A graph is worth a thousand words
Investors may stay on the sidelines of the core and metro markets until the competitive clutter starts to clear.
BY KEVIN SLOCUM
As spring moved into summer, the question remained, when would we hit bottom in the telecommunications equipment sector? Many, including us, have succumbed to false hopes at various steps along the way. Stocks slid ahead of the decline and everyone knows they will rise ahead of the turn. SoundView has pointed to some of the prerequisites of a turn, and some of those have fallen into place. At the same time, share prices hit record low valuations in June amid continued tough industry news. That led us to take another look at the worst market during this slide: the United States.

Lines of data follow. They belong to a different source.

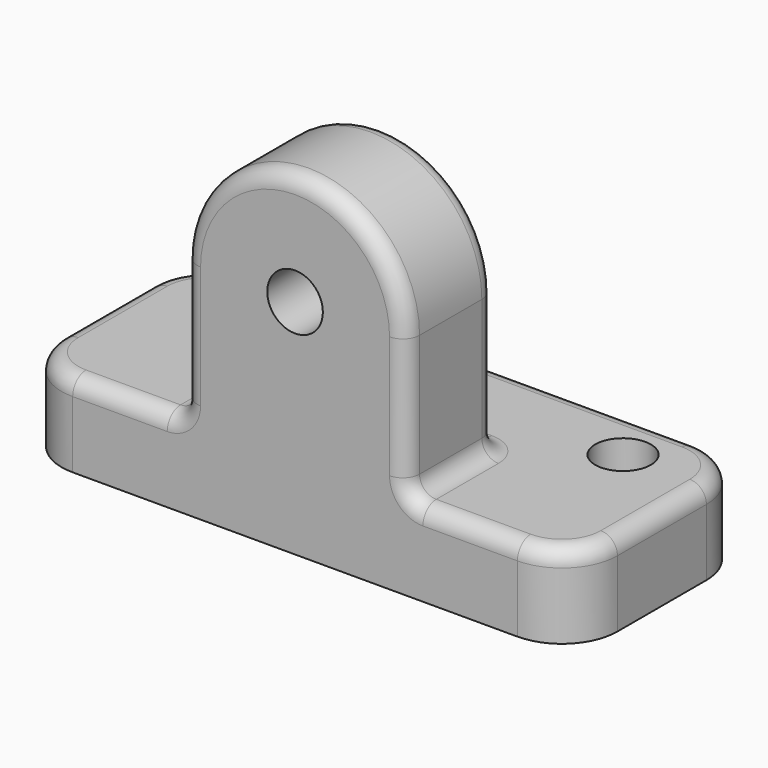
from build123d import *

# Parameters (mm, degrees)
F0_R     = 5
F0_W     = 40
F0_H     = 40
F1_DEPTH = 15
F2_R     = 5
F3_DEPTH = 20
F4_R     = 3


with BuildPart() as f1:
    # F0 (on Top) → F1 (new body)
    with BuildSketch(Plane.XY):
        with BuildLine():
            Line((-40, -20), (-20.3233100474, -20))
            Line((-20.3233100474, -20), (-20.3233100474, 20))
            Line((-20.3233100474, 20), (-40, 20))
            ThreePointArc((-40, 20), (-47.0710678119, 17.0710678119), (-50, 10))
            Line((-50, 10), (-50, -10))
            ThreePointArc((-50, -10), (-47.0710678119, -17.0710678119), (-40, -20))
        make_face()
        with Locations((-35, 10)):
            Circle(F0_R, mode=Mode.SUBTRACT)
        with Locations((-0.3233100474, 0)):
            Rectangle(F0_W, F0_H)
        with BuildLine():
            Line((19.6766899526, -20), (40, -20))
            ThreePointArc((40, -20), (47.0710678119, -17.0710678119), (50, -10))
            Line((50, -10), (50, 10))
            ThreePointArc((50, 10), (47.0710678119, 17.0710678119), (40, 20))
            Line((40, 20), (19.6766899526, 20))
            Line((19.6766899526, 20), (19.6766899526, -20))
        make_face()
        with Locations((35, 10)):
            Circle(F0_R, mode=Mode.SUBTRACT)
    extrude(amount=F1_DEPTH)

    # F2 (on face) → F3 (join)
    with BuildSketch(Plane.XZ.offset(20)):
        with BuildLine():
            ThreePointArc((20, 40), (0, 60), (-20, 40))
            Line((-20, 40), (-20, 15))
            Line((-20, 15), (20, 15))
            Line((20, 15), (20, 40))
        make_face()
        with Locations((0, 40)):
            Circle(F2_R, mode=Mode.SUBTRACT)
    extrude(amount=-F3_DEPTH)

    # F4
    f4_edges = [f1.edges().sort_by_distance(p)[0] for p in [
        (0, 0, 60),
        (0, 0, 15),
        (0, -20, 60),
        (-30, -20, 15),
        (-20, -20, 27.5),
        (20, -20, 27.5),
        (30, -20, 15),
        (-47.071068, -17.071068, 15),
        (47.071068, -17.071068, 15),
        (-50, 0, 15),
        (-47.071068, 17.071068, 15),
        (0, 20, 15),
        (47.071068, 17.071068, 15),
        (50, 0, 15),
        (20, -10, 15),
        (-20, -10, 15),
        (20, 0, 27.5),
        (-20, 0, 27.5),
    ]]
    fillet(f4_edges, radius=F4_R)


solid = f1.part

The Figure is our attempt to tally as much of equipment spending as we could find in financial documents from global suppliers such as Lucent Technologies, Alcatel, and Fujitsu. We then compared the results against the U.S. capital-expenditure figures tallied for the same period. Our wireline data captured $40.3 billion in equipment spending in 2000 and $24.1 billion for 2001 in contrast to capital expenditures by the wireline carriers of $65.6 billion and $57.9 billion, respectively. The remaining line on our graph is the difference between these two data sets-carrier spending we would attribute to network construction, computer equipment, software, and services.
The good news is that in the March quarter, wireline equipment sales slid at a pace that was substantially slower than other capital-spending activities on non-telecom equipment sales. The bad news is that spending nonetheless continued to slide, 21% versus 47%, for non-telecom equipment spending. We should soon have the same data for the June quarter.
As we entered the reporting cycle for equipment suppliers, our hope was that the slope of the decline in equipment spending would continue to moderate and that the non-telecom piece would still be sliding at a steeper pace. That would tell us carriers were having a harder time ringing equipment savings from their operations and are having to look elsewhere for savings until they see a turn in revenue.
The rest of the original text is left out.